Crisafulli Ernesto, Sartori Giulia, Huerta Arturo, Gabarrús Albert, Fantin Alberto, Soler Néstor, Torres Antoni
Respiratory Medicine Unit, University of Verona and Azienda Ospedaliera Universitaria Integrata of Verona, Verona, Italy.
Pulmonary and Critical Care Division, Clinica Sagrada Familia, Institut d'Investigacions Biomèdiques August Pi i Sunyer (IDIBAPS), Barcelona, Spain.
Chest. 2023 Dec;164(6):1422-1433. doi: 10.1016/j.chest.2023.07.021. Epub 2023 Jul 27.
Recently, the Rome proposal updated the definition of exacerbation of COPD (ECOPD). However, such severity grade has not yet demonstrated intermediate-term clinical relevance.
What is the association between the Rome severity classification and short-term and intermediate-term clinical outcomes?
We retrospectively grouped hospitalized patients with ECOPD according to the Rome severity classification (ie, mild, moderate, severe). Baseline, clinical, microbiologic, gas analysis, and laboratory variables were collected. In addition, data about the length of hospital stay and mortality (in-hospital and a follow-up time line from 6 months until 3 years) were assessed.

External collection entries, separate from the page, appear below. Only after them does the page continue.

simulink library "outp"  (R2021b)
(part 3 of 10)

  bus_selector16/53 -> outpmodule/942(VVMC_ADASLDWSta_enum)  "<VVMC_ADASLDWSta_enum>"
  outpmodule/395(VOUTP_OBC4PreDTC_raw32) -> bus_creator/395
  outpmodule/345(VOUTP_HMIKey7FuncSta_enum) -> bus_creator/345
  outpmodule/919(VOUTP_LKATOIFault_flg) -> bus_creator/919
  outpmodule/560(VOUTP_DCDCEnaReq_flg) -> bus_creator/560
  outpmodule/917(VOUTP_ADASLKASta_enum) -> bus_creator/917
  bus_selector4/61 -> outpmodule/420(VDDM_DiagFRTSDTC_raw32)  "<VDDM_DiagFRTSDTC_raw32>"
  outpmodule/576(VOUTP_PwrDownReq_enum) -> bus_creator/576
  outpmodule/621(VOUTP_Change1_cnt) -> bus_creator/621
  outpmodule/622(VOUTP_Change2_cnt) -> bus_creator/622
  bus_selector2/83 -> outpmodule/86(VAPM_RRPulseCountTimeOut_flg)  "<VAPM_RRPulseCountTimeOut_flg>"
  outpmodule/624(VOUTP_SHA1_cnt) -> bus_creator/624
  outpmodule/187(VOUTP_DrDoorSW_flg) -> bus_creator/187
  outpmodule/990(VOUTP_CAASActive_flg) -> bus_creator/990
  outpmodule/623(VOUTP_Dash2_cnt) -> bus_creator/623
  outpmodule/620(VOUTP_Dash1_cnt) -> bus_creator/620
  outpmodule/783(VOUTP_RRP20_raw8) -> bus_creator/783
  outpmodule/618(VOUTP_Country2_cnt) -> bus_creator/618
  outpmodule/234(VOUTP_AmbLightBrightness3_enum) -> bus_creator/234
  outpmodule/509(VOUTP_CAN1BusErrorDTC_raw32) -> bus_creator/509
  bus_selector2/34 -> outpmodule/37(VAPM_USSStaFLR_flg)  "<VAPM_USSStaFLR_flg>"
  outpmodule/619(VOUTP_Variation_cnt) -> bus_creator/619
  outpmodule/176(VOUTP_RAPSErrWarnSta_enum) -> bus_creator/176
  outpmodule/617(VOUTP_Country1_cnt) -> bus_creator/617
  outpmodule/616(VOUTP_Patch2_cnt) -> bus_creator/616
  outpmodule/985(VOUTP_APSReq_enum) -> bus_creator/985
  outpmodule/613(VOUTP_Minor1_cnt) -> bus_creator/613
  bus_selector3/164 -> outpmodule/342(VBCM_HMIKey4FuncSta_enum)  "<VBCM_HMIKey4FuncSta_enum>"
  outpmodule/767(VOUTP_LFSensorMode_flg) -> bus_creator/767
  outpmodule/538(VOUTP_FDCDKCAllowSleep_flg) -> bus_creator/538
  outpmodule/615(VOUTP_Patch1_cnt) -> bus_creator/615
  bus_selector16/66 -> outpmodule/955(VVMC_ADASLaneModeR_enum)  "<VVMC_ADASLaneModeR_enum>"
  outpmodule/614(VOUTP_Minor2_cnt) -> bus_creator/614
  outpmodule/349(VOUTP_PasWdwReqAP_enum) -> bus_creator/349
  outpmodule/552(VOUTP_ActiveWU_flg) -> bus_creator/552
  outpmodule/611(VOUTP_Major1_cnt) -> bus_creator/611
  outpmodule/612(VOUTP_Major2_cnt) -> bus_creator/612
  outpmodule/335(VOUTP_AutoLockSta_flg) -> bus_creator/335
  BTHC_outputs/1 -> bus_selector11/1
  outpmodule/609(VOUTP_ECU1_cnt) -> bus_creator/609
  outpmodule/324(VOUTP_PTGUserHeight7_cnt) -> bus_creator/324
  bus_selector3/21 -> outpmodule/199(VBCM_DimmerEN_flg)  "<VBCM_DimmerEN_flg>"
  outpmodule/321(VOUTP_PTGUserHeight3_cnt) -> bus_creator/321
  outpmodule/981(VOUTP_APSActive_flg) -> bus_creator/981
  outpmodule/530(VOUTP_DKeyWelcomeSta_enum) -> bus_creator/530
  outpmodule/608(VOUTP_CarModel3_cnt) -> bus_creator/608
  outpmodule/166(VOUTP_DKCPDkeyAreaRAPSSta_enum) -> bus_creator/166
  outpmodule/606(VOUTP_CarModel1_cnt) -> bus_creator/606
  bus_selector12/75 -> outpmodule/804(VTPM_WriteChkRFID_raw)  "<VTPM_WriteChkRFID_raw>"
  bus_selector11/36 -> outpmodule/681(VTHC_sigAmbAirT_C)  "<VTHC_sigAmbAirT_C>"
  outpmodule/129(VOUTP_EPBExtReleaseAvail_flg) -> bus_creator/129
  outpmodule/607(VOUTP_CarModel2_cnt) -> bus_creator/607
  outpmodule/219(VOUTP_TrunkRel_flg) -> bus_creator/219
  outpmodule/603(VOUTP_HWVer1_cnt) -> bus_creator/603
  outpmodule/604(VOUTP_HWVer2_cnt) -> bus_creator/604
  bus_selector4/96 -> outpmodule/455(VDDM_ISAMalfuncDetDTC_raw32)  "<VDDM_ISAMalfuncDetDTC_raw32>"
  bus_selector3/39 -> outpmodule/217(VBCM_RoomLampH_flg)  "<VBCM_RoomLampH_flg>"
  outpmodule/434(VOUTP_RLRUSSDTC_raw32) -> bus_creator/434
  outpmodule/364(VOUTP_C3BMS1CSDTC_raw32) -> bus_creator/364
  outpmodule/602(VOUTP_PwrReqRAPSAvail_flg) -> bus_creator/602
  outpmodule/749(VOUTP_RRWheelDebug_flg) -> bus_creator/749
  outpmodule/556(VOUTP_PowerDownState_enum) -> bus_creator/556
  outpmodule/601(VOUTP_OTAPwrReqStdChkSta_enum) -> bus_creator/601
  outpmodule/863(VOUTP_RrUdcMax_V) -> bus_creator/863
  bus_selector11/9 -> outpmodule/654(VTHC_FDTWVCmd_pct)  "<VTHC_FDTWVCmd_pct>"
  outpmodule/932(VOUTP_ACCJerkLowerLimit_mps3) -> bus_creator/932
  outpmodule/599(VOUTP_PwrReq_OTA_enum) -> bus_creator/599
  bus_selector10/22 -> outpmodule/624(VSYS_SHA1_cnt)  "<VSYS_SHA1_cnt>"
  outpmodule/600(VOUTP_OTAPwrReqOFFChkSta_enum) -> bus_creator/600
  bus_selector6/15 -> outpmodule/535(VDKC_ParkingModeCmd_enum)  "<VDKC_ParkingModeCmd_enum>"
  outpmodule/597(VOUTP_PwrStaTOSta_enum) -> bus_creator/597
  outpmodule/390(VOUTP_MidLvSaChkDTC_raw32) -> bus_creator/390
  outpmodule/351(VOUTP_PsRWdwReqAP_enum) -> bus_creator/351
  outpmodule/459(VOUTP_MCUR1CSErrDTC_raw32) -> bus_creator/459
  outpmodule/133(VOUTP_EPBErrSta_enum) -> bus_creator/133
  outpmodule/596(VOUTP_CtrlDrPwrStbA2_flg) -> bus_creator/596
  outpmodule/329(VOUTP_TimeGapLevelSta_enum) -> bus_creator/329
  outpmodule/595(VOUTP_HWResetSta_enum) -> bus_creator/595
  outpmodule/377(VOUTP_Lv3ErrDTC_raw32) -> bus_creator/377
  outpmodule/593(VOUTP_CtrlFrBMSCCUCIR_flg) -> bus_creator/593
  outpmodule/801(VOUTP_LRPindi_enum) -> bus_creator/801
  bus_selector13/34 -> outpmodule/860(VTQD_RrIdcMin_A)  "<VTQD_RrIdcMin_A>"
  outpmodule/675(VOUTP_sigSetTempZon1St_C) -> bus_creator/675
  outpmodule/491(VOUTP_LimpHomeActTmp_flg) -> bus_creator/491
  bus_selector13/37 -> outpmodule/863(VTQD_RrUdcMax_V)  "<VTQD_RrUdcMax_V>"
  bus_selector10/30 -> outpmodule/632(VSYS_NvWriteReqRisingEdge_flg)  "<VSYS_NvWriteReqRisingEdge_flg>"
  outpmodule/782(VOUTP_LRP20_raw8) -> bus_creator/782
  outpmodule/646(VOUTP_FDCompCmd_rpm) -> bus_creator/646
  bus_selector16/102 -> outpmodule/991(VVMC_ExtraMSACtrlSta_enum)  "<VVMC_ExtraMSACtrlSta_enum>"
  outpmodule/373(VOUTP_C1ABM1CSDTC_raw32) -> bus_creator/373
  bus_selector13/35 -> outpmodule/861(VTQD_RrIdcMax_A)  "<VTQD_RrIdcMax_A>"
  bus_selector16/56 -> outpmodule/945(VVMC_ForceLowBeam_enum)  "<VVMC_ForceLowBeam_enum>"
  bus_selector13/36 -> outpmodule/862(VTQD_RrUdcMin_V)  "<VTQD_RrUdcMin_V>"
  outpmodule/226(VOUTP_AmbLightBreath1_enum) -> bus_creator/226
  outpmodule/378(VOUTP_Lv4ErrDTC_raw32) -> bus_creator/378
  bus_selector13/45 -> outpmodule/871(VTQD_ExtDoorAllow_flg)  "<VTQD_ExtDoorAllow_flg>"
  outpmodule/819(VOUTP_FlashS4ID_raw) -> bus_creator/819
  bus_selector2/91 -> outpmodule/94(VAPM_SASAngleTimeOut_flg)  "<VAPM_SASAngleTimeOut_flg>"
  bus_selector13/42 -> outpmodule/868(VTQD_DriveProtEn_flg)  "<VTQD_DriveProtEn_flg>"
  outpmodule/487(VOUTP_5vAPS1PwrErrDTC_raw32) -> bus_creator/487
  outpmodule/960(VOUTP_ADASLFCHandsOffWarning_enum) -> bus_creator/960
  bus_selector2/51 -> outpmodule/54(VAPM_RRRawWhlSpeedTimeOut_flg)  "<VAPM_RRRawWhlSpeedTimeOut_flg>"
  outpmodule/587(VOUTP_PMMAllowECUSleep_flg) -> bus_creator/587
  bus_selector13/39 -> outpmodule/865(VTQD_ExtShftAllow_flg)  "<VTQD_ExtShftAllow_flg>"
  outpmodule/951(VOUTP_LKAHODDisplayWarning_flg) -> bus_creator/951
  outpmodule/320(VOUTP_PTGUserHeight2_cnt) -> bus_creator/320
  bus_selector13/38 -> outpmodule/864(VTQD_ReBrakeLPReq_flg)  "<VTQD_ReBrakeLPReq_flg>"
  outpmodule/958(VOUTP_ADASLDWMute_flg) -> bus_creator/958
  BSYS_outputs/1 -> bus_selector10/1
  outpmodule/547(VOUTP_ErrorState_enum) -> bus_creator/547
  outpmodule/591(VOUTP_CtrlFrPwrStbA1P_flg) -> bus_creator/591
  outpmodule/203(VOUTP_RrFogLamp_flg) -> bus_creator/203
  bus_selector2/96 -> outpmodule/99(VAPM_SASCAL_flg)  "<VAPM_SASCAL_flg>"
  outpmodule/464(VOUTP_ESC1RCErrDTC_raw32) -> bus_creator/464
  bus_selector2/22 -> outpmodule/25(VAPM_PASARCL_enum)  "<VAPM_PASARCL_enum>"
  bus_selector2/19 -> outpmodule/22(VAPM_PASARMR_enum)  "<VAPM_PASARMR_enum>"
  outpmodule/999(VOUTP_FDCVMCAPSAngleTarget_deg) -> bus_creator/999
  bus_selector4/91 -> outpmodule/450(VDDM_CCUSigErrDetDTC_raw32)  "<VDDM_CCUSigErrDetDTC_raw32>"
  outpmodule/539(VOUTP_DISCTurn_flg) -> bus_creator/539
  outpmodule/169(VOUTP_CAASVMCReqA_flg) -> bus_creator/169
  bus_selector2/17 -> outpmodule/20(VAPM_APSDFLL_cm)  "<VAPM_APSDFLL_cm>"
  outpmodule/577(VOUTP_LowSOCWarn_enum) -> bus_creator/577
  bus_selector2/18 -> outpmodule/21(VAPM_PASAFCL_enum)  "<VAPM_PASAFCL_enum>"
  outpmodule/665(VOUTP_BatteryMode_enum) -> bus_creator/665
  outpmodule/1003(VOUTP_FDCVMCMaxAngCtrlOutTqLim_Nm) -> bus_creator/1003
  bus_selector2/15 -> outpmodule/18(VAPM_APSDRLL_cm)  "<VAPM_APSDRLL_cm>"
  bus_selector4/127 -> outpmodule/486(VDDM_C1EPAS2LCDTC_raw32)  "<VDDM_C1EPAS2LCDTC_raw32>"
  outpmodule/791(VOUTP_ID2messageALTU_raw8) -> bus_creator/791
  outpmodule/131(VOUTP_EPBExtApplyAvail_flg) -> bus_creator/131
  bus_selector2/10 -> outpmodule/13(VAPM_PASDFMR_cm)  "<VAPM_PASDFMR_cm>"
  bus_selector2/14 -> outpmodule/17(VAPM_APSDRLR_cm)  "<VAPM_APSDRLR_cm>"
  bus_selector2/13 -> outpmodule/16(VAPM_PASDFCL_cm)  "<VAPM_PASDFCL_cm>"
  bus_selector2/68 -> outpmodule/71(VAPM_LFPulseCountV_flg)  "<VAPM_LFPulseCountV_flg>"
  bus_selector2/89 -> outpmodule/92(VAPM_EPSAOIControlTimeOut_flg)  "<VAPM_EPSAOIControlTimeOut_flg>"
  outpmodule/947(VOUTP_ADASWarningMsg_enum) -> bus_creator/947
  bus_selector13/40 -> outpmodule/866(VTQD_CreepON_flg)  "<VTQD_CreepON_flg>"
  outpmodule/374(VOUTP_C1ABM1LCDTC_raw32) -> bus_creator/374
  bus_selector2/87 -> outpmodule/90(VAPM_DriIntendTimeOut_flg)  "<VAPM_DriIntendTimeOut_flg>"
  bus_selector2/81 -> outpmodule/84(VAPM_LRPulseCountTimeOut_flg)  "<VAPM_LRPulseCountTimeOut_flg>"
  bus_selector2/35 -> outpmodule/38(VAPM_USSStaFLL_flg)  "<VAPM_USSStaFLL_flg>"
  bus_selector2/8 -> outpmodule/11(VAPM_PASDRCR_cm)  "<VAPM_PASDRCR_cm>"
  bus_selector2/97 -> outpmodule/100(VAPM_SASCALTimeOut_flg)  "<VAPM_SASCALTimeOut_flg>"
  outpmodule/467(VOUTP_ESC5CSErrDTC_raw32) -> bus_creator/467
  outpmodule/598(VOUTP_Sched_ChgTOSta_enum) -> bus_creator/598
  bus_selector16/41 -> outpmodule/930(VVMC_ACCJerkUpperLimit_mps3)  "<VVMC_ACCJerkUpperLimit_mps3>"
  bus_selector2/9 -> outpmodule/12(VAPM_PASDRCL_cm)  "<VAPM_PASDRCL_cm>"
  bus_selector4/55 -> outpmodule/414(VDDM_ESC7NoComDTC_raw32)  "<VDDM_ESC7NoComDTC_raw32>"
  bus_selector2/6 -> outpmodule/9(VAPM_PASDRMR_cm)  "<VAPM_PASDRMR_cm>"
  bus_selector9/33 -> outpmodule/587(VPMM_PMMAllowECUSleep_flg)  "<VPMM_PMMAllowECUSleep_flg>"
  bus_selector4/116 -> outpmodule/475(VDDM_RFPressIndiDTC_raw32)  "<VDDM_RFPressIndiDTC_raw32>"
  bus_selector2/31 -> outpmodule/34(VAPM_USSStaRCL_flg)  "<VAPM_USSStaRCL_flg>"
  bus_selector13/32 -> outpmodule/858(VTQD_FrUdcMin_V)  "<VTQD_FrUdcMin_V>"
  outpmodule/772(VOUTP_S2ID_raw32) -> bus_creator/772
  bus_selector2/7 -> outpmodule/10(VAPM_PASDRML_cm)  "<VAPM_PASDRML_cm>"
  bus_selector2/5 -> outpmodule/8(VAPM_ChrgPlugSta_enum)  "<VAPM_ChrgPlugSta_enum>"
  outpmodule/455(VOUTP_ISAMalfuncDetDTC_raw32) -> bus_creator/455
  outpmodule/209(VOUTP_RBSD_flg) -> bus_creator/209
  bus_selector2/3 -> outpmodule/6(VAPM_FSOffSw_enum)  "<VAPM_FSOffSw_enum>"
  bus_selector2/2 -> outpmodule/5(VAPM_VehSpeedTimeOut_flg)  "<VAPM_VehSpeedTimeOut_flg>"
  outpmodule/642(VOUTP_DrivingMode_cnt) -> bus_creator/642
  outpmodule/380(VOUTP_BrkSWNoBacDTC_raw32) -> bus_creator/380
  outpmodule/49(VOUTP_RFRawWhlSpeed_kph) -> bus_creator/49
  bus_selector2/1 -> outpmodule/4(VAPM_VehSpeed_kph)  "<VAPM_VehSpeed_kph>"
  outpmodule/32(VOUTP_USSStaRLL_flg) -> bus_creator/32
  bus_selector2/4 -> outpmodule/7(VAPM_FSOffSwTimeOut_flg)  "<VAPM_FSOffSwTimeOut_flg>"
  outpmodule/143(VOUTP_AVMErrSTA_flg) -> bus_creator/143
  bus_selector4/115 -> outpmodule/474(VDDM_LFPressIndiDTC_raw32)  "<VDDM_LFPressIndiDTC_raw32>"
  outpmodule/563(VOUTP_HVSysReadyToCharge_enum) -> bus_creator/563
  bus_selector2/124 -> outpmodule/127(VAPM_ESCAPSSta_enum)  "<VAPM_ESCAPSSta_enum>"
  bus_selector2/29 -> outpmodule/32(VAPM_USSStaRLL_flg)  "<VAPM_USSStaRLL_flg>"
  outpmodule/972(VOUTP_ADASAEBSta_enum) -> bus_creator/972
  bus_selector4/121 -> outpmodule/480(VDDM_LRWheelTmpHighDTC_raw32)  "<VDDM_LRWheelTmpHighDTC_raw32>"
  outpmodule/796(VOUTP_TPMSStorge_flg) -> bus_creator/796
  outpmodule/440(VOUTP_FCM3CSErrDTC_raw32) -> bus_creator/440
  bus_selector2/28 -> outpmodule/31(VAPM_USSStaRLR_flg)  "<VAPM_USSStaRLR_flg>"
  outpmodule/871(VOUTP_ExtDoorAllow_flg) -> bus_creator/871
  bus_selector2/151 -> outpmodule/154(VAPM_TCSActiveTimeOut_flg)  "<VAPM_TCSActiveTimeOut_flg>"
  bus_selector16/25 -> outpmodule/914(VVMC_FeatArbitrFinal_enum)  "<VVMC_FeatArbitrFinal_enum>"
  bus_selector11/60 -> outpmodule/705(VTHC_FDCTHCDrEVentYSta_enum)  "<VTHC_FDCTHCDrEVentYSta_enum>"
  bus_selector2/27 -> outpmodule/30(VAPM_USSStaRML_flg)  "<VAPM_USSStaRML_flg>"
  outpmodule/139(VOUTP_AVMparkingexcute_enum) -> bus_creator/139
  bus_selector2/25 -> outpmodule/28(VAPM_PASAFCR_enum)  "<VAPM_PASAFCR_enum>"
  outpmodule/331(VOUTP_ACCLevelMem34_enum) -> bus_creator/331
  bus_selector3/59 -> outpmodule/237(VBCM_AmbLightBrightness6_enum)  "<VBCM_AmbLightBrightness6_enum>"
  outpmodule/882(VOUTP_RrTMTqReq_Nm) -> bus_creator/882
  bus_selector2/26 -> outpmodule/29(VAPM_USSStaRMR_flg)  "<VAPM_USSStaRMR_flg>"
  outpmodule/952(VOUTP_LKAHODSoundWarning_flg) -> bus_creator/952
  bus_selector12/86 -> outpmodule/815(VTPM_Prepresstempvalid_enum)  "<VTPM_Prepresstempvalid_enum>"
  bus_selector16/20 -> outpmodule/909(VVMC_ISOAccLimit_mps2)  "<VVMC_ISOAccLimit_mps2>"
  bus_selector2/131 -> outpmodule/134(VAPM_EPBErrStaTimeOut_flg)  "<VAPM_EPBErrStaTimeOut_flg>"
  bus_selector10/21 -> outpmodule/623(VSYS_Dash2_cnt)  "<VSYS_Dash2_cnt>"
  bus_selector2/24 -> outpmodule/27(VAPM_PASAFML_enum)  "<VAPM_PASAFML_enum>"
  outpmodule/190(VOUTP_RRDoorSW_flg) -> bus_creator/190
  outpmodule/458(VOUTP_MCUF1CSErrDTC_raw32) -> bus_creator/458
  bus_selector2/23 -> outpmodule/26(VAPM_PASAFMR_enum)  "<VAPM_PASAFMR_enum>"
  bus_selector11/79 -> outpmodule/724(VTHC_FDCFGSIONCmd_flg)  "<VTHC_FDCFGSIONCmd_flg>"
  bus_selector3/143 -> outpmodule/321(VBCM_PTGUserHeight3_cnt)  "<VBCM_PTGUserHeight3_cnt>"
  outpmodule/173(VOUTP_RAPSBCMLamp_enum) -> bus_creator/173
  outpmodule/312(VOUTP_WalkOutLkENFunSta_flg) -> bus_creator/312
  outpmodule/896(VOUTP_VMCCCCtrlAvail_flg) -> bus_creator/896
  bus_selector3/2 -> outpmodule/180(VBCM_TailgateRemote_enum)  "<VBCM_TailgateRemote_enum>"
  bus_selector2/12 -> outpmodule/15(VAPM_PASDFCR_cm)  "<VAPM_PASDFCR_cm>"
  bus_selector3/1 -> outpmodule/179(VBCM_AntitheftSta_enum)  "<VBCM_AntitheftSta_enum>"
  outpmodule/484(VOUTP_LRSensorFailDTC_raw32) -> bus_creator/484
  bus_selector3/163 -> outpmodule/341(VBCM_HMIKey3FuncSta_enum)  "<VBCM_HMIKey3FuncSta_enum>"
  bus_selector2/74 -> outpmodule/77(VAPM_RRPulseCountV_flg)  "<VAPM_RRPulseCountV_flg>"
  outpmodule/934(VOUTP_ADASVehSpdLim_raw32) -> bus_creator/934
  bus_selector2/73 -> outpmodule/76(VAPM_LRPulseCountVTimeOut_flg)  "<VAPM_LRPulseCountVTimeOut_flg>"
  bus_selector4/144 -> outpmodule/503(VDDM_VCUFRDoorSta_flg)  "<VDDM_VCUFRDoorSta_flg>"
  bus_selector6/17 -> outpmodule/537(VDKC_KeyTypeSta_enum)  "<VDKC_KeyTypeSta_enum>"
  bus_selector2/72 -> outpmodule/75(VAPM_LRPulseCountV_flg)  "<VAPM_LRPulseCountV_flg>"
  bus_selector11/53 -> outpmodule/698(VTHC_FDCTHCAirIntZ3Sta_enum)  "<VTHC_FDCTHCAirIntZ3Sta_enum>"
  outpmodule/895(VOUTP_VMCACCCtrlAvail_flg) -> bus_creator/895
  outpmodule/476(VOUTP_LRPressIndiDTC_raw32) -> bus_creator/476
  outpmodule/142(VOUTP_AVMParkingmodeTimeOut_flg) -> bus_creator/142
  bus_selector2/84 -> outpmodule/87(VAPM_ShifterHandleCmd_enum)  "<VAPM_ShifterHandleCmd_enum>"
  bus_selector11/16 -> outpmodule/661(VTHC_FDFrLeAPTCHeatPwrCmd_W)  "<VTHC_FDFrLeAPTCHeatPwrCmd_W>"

Of the 347 hospitalized patients, 39% were categorized as mild, 31% were categorized as moderate, and 30% were categorized as severe. Overall, patients with severe ECOPD had an extended length of hospital stay. Although in-hospital mortality was similar among groups, patients with severe ECOPD presented a worse prognosis in all follow-up time points. The Kaplan-Meier curves show the role of the severe classification in the cumulative survival at 1 and 3 years (Gehan-Breslow-Wilcoxon test, P = .032 and P = .004, respectively). The multivariable Cox regression analysis showed a higher risk of death at 1 year when patients presented a severe (hazard ratio, 1.99; 95% CI, 1.49-2.65) or moderate grade (hazard ratio, 1.47; 95% CI, 1.10-1.97) compared with a mild grade. Older patients (aged ≥ 80 years), patients requiring long-term oxygen therapy, or patients reporting previous ECOPD episodes had a higher mortality risk. A BMI between 25 and 29 kg/m was associated with a lower risk.
The Rome classification makes it possible to discriminate patients with a worse prognosis (severe or moderate) until a 3-year follow-up.
最近,罗马提议更新了慢性阻塞性肺疾病急性加重(ECOPD)的定义。然而,这种严重程度分级尚未显示出中期临床相关性。
罗马严重程度分类与短期和中期临床结果之间有何关联?
我们根据罗马严重程度分类(即轻度、中度、重度)对住院的ECOPD患者进行回顾性分组。收集了基线、临床、微生物学、气体分析和实验室变量。此外,还评估了住院时间和死亡率(住院期间以及6个月至3年的随访时间线)的数据。
在347例住院患者中,39%被归类为轻度,31%被归类为中度,30%被归类为重度。总体而言,重度ECOPD患者的住院时间延长。虽然各组的住院死亡率相似,但重度ECOPD患者在所有随访时间点的预后都较差。Kaplan-Meier曲线显示了重度分级在1年和3年累积生存中的作用(Gehan-Breslow-Wilcoxon检验,P分别为0.032和0.004)。多变量Cox回归分析显示,与轻度分级相比,重度(风险比,1.99;95%CI,1.49-2.65)或中度分级(风险比,1.47;95%CI,1.10-1.97)的患者在1年时死亡风险更高。老年患者(年龄≥80岁)、需要长期氧疗的患者或有既往ECOPD发作史的患者死亡风险更高。体重指数在25至29kg/m之间的患者风险较低。
罗马分类能够在3年随访期内鉴别出预后较差(重度或中度)的患者。